Metagenomics Expert Mengchu Wu, Ph.D., Shares Career Insights at UAMS Lecture

By Nathan Tidwell

Jia Liu, Ph.D., an associate professor in the UAMS College of Medicine Department of Microbiology and Immunology, welcomed the attendees and introduced Wu at the event held in the Sam Walton Auditorium in the UAMS Winthrop P. Rockefeller Cancer Institute.

Jia Liu

Jia Liu, Ph.D., an associate professor in the UAMS College of Medicine Department of Microbiology and Immunology, introduces Dr. Wu.Image by Nathan Tidwell

“Today is special. This is a great opportunity to learn about biomedical science. This talk should be an inspiration for our own work,” said Liu.

Wu is the co-founder, CEO and chair of Micronbrane Medical, based in Taiwan and Singapore. The company develops mNGS-enabling products, an advanced approach for identifying pathogens in the treatment of infectious diseases.

Prior to co-founding Micronbrane Medical in 2020, Wu was the chief technology officer and CEO of Health GeneTech in Taiwan. She earned her doctorate in biomedical sciences at the University of Massachusetts Chan Medical School, where she was mentored by Shuk-Mei Ho, Ph.D., a professor in the UAMS College of Medicine Department of Pharmacology and Toxicology and former vice chancellor for Research and Innovation.

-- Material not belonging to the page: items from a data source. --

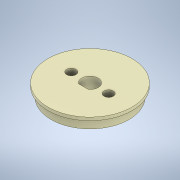
# Autodesk Inventor part: InputShaft1
Saved by Autodesk Inventor 2022 (Build 260153000, 153)
## iProperties
Created: 2022-08-30
Part Number: InputShaft1
Material: Ogólny
Document SubType Name: Modeling
Designer: MicnedSQ
Density: 1 g/cm^3
Appearance: Gładki — popielaty
Author: MicnedSQ
## iProperties of the stored document _Drukowanie 3D.ipt
Created: 2022-08-31
Part Number: _Drukowanie 3D
Material: Ogólny
Document SubType Name: Modeling
Designer: MicnedSQ
Density: 1 g/cm^3
Appearance: Domyślna
Author: MicnedSQ
Autodesk Inventor part; units mm, degrees
ref_plane "YZ Plane" through (0, 0, 0) normal (1, 0, 0) x (0, 1, 0)
ref_plane "XZ Plane" through (0, 0, 0) normal (0, 1, 0) x (-1, 0, 0)
ref_plane "XY Plane" through (0, 0, 0) normal (0, 0, 1) x (1, 0, 0)
sketch "Szkic1" plane through (0, 0, 0) normal (0, 1, 0) x (-1, 0, 0)
  circle A0 centre (0, 0) radius 12.5
  dimension "d0" = 25
  constraints: 1 centre point, 1 coincident
  measures "d0" diameter of A0
extrude "Wyciągnięcie proste1" add sketch "Szkic1" along normal blind 3
sketch "Szkic6" plane through (0, 3, 0) normal (0, 1, 0) x (1, 0, 0)
  circle A0 centre (0, 0) radius 13.5
  dimension "d13" = 27
  constraints: 1 centre point, 1 coincident
  measures "d13" diameter of A0
extrude "Wyciągnięcie proste5" add sketch "Szkic6" along normal blind 1
sketch "Szkic7" plane through (0, 4, 0) normal (0, 1, 0) x (1, 0, 0)
  point P0 (0, 0)
  point P1 (-6, 0)
  dimension "d16" = 6
  measures "d16" distance of point (-6, 0) point (0, 0)
hole "Otwór1" at (-6, 4, 0) direction (0, -1, 0) diameter 3 depth 3
pattern_circular "Szyk kołowy1" count 2 over 360 about axis through (0, 3, 0) along (0, 1, 0) of "Otwór1"
sketch "Szkic8" plane through (0, 0, 0) normal (0, -1, 0) x (1, 0, 0)
  arc A0 (-1.59, 2.12) -> (1.59, 2.12) centre (0, 0) ccw
  line L0 (1.59, 2.12) -> (-1.59, 2.12)
  dimension "d27" = 5.3
  constraints: 2 end point, 2 point on circle, 1 centre point, 1 coincident, 1 horizontal
  measures "d27" diameter of A0
extrude "Wyciągnięcie proste6" cut sketch "Szkic8" against normal through all
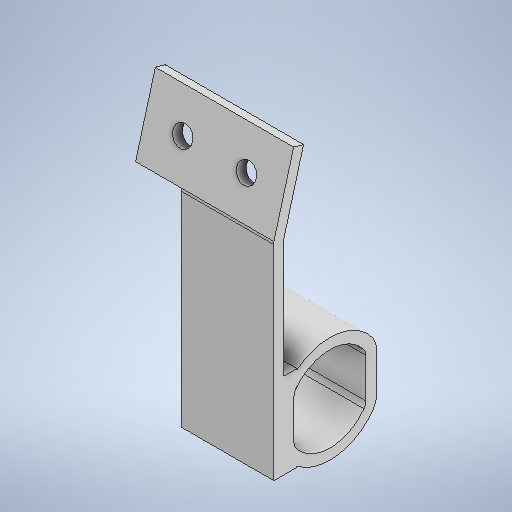
# Autodesk Inventor part: leftWheeler
Saved by Autodesk Inventor 2025.1 (Build 291241000, 241)
## iProperties
Created: 2025-06-15
Part Number: leftWheeler
Material: Generic
Document SubType Name: Modeling
Designer: User
Density: 1 g/cm^3
Appearance: Default
Author: User
## iProperties of the stored document leftWheeler_3DPrint.ipt
Created: 2025-06-15
Part Number: leftWheeler_3DPrint
Material: Generic
Document SubType Name: Modeling
Designer: User
Density: 1 g/cm^3
Appearance: Default
Author: User
Autodesk Inventor part; units mm, degrees
ref_plane "YZ Plane" through (0, 0, 0) normal (1, 0, 0) x (0, 1, 0)
ref_plane "XZ Plane" through (0, 0, 0) normal (0, 1, 0) x (-1, 0, 0)
sketch "Sketch1" plane through (0, 0, 0) normal (0, 0, 1) x (1, 0, 0)
  line L0 (1, 9) -> (14, 9) projected
  line L1 (1, 3) -> (1, 9) projected
  line L2 (14, 3) -> (1, 3) projected
  line L3 (14, 9) -> (14, 3) projected
  line L4 (1, 12) -> (14, 12)
  line L5 (1, 0) -> (14, 0)
  line L6 (1, 12.5) -> (14, 12.5)
  line L7 (1, -0.5) -> (14, -0.5)
  line L8 (0, 1.4) -> (0, 10.6) projected
  line L9 (0, -0.5) -> (14, -0.5)
  line L10 (14, -0.5) -> (14, 12.5)
  line L11 (14, 12.5) -> (0, 12.5)
  line L12 (0, 12.5) -> (0, -0.5)
  point P0 (0, 0)
  dimension "d0" = 0.5
  dimension "d1" = 0.5
  constraints: 16 end point, 4 parallel, 3 horizontal, 1 perpendicular, 4 other
  measures "d0" distance between parallel lines of L4 L6
  measures "d1" distance between parallel lines of L5 L7
extrude "Extrusion1" add sketch "Sketch1" along normal blind 2
sketch "Sketch2" plane through (14, -0.5, 0) normal (1, 0, 0) x (0, 0, -1)
  line L0 (10, 9.5) -> (10, 3.5) projected
  line L1 (10.5, 9.5) -> (10.5, 3.5)
  line L2 (0, 13) -> (0, 0) projected
  line L3 (0.0028, 13) -> (0, 0)
  arc A0 (5, 0.5) -> (9.8, 2.9) centre (5, 6.5) ccw projected
  spline S0 degree 3 poles (9.8, 10.1) (9.3822, 10.6561) (8.439, 11.5426) (6.738, 12.3306) (5.0002, 12.5848) (3.2616, 12.3308) (1.5615, 11.5422) (0.6175, 10.6564) (0.2, 10.1) knots 0.000048 0.000048 0.000048 0.000048 1.982593 3.634064 5.285536 6.937008 8.58848 10.571071 10.571071 10.571071 10.571071 weights 1 1 1 1 1 1 1 1 1 projected
  arc A1 (0.2, 2.9) -> (5, 0.5) centre (5, 6.5) ccw projected
  ellipse E0 centre (0.7683, 3.4229) end of major axis (0.4925, 4.2518) minor radius 0.7558 (0, 3.5) -> (0.2, 2.9) ccw projected
  ellipse E1 centre (0.7685, 9.5775) end of major axis (1.0457, 10.4061) minor radius 0.7558 (0.2, 10.1) -> (0, 9.5) ccw projected
  ellipse E2 centre (9.2317, 3.4229) end of major axis (9.5075, 4.2518) minor radius 0.7558 (9.8, 2.9) -> (10, 3.5) ccw projected
  ellipse E3 centre (9.2318, 9.5768) end of major axis (8.9568, 10.4058) minor radius 0.7558 (10, 9.5) -> (9.7999, 10.1) ccw projected
  arc A2 (5, 0.0295) -> (10.1758, 2.6168) centre (5, 6.5) ccw
  arc A3 (-0.1717, 2.6115) -> (5, 0.0295) centre (5, 6.5) ccw
  line L4 (10.4705, 3.4977) -> (10.4705, 9.5023)
  ellipse E4 centre (0.7683, 3.4229) end of major axis (0.3339, 4.718) minor radius 1.2242 (-0.4709, 3.5051) -> (-0.1717, 2.6115) ccw
  ellipse E5 centre (0.7685, 9.5775) end of major axis (1.1957, 10.8767) minor radius 1.2233 (-0.1748, 10.3845) -> (-0.4697, 9.4882) ccw
  arc A4 (0.2, 2.9) -> (9.8, 2.9) centre (5, 6.5) ccw projected
  arc A5 (5, -1.5631) -> (11.4481, 1.6589) centre (5, 6.5) ccw
  arc A6 (-1.4235, 1.6263) -> (5, -1.5631) centre (5, 6.5) ccw
  line L5 (12.0631, 3.4977) -> (12.0631, 9.5023)
  ellipse E6 centre (0.7683, 3.4229) end of major axis (-0.2657, 6.5587) minor radius 2.7801 (-2.0629, 3.5774) -> (-1.4235, 1.6263) ccw
  ellipse E7 centre (0.7685, 9.5775) end of major axis (1.7896, 12.7173) minor radius 2.7798 (-1.4322, 11.3622) -> (-2.0617, 9.4138) ccw
  line L6 (-0.4709, 3.5051) -> (-0.4697, 9.4882)
  line L7 (-2.0629, 3.5774) -> (-2.0617, 9.4138)
  spline S1 degree 5 poles (10.1762, 10.3826) (9.455, 11.3411) (8.5153, 12.1382) (7.3995, 12.6912) (5.0003, 13.2497) (2.6, 12.6917) (1.4857, 12.137) (0.5444, 11.3415) (-0.1764, 10.3824) knots 0 0 0 0 0 0 0.499984 0.499984 0.499984 1 1 1 1 1 1
  spline S2 degree 3 poles (10.1759, 2.6167) (10.3655, 2.8683) (10.4707, 3.1827) (10.4707, 3.4977) knots 0 0 0 0 1 1 1 1
  spline S3 degree 3 poles (10.4707, 9.5023) (10.4707, 9.8173) (10.3655, 10.1318) (10.1757, 10.3833) knots 0 0 0 0 1 1 1 1
  spline S4 degree 4 poles (11.4481, 1.6589) (11.7448, 2.0529) (11.9559, 2.5113) (12.0631, 3.0045) (12.0631, 3.4977) knots 0 0 0 0 0 1 1 1 1 1
  spline S5 degree 4 poles (12.0631, 9.5023) (12.0631, 9.995) (11.9561, 10.4877) (11.7455, 10.9457) (11.4492, 11.3395) knots 0 0 0 0 0 1 1 1 1 1
  spline S6 degree 5 poles (11.4495, 11.3391) (10.5511, 12.5335) (9.3795, 13.5256) (7.9898, 14.2154) (5.0062, 14.9093) (2.0215, 14.2187) (0.6377, 13.5325) (-0.5334, 12.5493) (-1.4322, 11.3622) knots 0 0 0 0 0 0 0.500955 0.500955 0.500955 1 1 1 1 1 1
  point P0 (0, 0.5)
  point P1 (0, 10.6069)
  point P2 (0, 12.8255)
  point P3 (0, 0.1744)
  point P4 (0, 2.393)
  point P5 (0.0005, 2.3924)
  point P6 (0, 0.1743)
  point P7 (0.0027, 12.8276)
  point P8 (0.0023, 10.6096)
  constraints: 12 end point, 8 point on circle, 7 parallel, 4 centre point, 41 other
extrude "Extrusion2" add sketch "Sketch2" along normal blind 2 contours L3 S6 S5 L5 S4 A5 A6 L2 A3 A2 S2 L4 S3 S1 | S1 E5 L6 E4 A3 L2 A6 E6 L7 E7 S6
sketch "Sketch3" plane through (14, 1.893, 0) normal (1, 0, 0) x (0, 0, -1)
  arc A0 (-0.1717, 0.2185) -> (0, 0) centre (5, 4.107) ccw projected
  line L0 (0, 0) -> (0, 8.2139) projected
  arc A1 (0, 8.2139) -> (-0.1748, 7.9915) centre (4.9785, 4.1209) ccw projected
  ellipse E0 centre (0.7685, 7.1845) end of major axis (0.3413, 5.8853) minor radius 1.2233 (-0.1748, 7.9915) -> (-0.4697, 7.0952) ccw projected
  line L1 (-0.4697, 7.0952) -> (-0.4709, 1.1121) projected
  ellipse E1 centre (0.7683, 1.03) end of major axis (1.2028, -0.2651) minor radius 1.2242 (-0.4709, 1.1121) -> (-0.1717, 0.2185) ccw projected
  point P0 (0, -1.893)
  constraints: 2 other
extrude "Extrusion3" cut sketch "Sketch3" against normal through all
sketch "Sketch4" plane through (14, -0.5, 0) normal (-1, 0, 0) x (0, 0, 1)
  line L0 (-10.4705, 9.5023) -> (-10.4705, 3.4977) projected
  ellipse E0 centre (-9.2512, 9.5832) end of major axis (-8.8307, 10.8511) minor radius 1.2058 (-10.1756, 10.3833) -> (-10.4705, 9.5023) ccw projected
  spline S0 degree 5 poles (-0.0023, 10.6096) (-0.7281, 11.4914) (-1.6474, 12.2152) (-2.7157, 12.7179) (-5.0579, 13.2362) (-7.3991, 12.6912) (-8.5148, 12.1385) (-9.4545, 11.3415) (-10.1756, 10.3833) knots 0 0 0 0 0 0 0.487709 0.487709 0.487709 1 1 1 1 1 1 projected
  line L1 (-0.0027, 12.8276) -> (-0.0023, 10.6096) projected
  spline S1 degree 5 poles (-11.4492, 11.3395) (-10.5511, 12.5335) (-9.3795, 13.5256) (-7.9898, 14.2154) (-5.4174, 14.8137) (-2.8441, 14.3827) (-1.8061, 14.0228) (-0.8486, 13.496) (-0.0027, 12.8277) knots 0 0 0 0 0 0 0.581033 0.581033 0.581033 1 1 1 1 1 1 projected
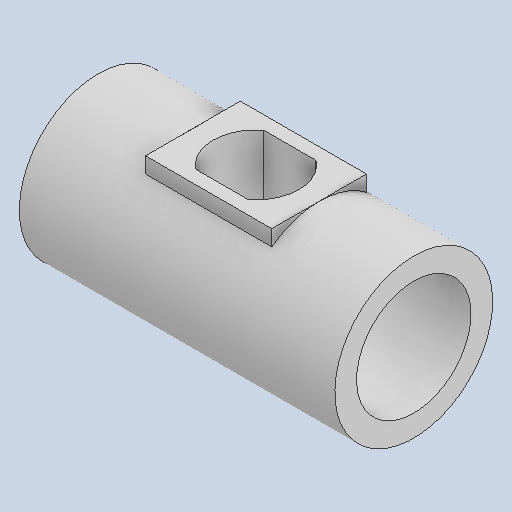
# Autodesk Inventor part: part_holder
Saved by Autodesk Inventor 2025 (Build 290162000, 162)
## iProperties
Created: 2025-07-16
Part Number: part_holder
Material: Generic
Document SubType Name: Modeling
Designer: Pravoslav
Density: 1 g/cm^3
Appearance: Default
Author: Pravoslav
Autodesk Inventor part; units mm, degrees
ref_plane "YZ Plane" through (0, 0, 0) normal (1, 0, 0) x (0, 1, 0)
ref_plane "XY Plane" through (0, 0, 0) normal (0, 0, 1) x (1, 0, 0)
sketch "Sketch1" plane through (0, 0, 0) normal (1, 0, 0) x (0, 1, 0)
  circle A0 centre (0, 0) radius 3.625
  circle A1 centre (0, 0) radius 5
  dimension "d0" = 7.25
  dimension "d1" = 10
  constraints: 2 centre point, 2 coincident
  measures "d0" diameter of A0
  measures "d1" diameter of A1
extrude "Extrusion1" add sketch "Sketch1" along normal mid plane 20
ref_plane "Work Plane1" through (0, 5, 0) normal (0, 1, 0) x (-1, 0, 0)
sketch "Sketch2" plane through (0, 5, 0) normal (0, 1, 0) x (-1, 0, 0)
  line L0 (-1.65, 2.15) -> (1.65, 2.15)
  line L1 (1.65, 2.15) -> (1.65, -2.15)
  line L2 (1.65, -2.15) -> (-1.65, -2.15)
  line L3 (-1.65, -2.15) -> (-1.65, 2.15)
  line L4 (-1.65, 2.15) -> (1.65, -2.15) construction
  line L5 (1.65, 2.15) -> (-1.65, -2.15) construction
  line L6 (-4, 3) -> (4, 3)
  line L7 (4, 3) -> (4, -3)
  line L8 (4, -3) -> (-4, -3)
  line L9 (-4, -3) -> (-4, 3)
  line L10 (-4, 3) -> (4, -3) construction
  line L11 (4, 3) -> (-4, -3) construction
  arc A0 (1.65, -2.15) -> (1.65, 2.15) centre (0.0168, 0) ccw
  arc A1 (-1.65, 2.15) -> (-1.65, -2.15) centre (-0.0168, 0) ccw
  point P0 (0, 0)
  dimension "d4" = 3.3
  dimension "d5" = 4.3
  dimension "d9" = 8
  dimension "d10" = 6
  dimension "d15" = 2.7
  dimension "d16" = 2.7
  constraints: 24 end point, 4 midpoint, 4 parallel, 4 point on circle, 2 centre point, 2 horizontal, 2 perpendicular
  measures "d4" distance of L1.end L2.end
  measures "d5" distance of L0.end L1.end
  measures "d9" distance of L7.end L8.end
  measures "d10" distance of L6.end L7.end
  measures "d15" radius of A0
  measures "d16" radius of A1
extrude "Extrusion2" add sketch "Sketch2" against normal blind 4.125 contours L0 L1 L2 L3 | L3 A1 | A0 L1 | L6 L7 L8 L9
extrude "Extrusion3" cut sketch "Sketch2" against normal up to surface (4.125 mm away) contours L0 L1 L2 L3 | L3 A1 | A0 L1
body "Solid1"

Wu’s lecture, “Glocalization: A Different Journey to Achieving My Goal,” discussed her origins in Shanghai, her postgraduate education in the United States, and her career in biomedical science including co-founding her company.

“I don’t consider myself to be successful yet, neither personally nor in my company, but I feel privileged,” Wu said. “In Shanghai, women all have to work — staying home is not an option. Everyone got the same education; it was pretty equal.”

“I had the opportunity to come to the United States for graduate school at Tufts University in Massachusetts, and I moved to the University of Massachusetts with Dr. Ho,” she added.

Metagenomics simultaneously identifies all pathogens, including bacteria, fungi, parasites and viruses.

Yan Cheng, Shuk-Mei Ho

Former vice chancellor for Research and Innovation Shuk-Mei Ho, Ph.D., right, and Yan Cheng, Ph.D., observe the lecture.Image by Nathan Tidwell

“This process can help patients get faster and more precise treatment for infections,” said Wu. “Through mNGS innovations, we enable the collection of samples and the ability to take action on the results in less than 24 hours.”

Wu shared her thoughts on research and the way ahead.

“We have a culture where we value diverse, original thinking and ideas,” she said “We believe in the importance of continual learning. The world is constantly changing. Learning does not stop once you leave school.”

This was Wu’s first visit to UAMS.

“I’m very honored to be invited to speak here. I’m very impressed with the campus and the various programs UAMS has for students,” she said.

Wu Lecture Attendees

Dr. Wu’s lecture was an opportunity for UAMS’ summer program students to hear from an expert.Image by Nathan Tidwell

“We wanted to expose our students to the potential opportunities ahead of them. The technology is really exciting,” Liu added.

Thomas Kelly, Ph.D., associate director of the UAMS Cancer Research and Training Program and a professor in the College of Medicine Department of Pathology, relished the opportunity to hear Wu speak.

“Dr. Wu told her story of being trained as a scientist in China and in the U.S.,” he said. “She trained like most academic scientists but wound up as an entrepreneur, founder and CEO of a biotech company. An amazing story.”

Ho took pride in seeing her former student.

“After 20 years, having a graduate of mine coming to visit is wonderful,” she said.

“We have to have a global perspective in Arkansas with all of the companies we have here. Science and research are an important part of that.”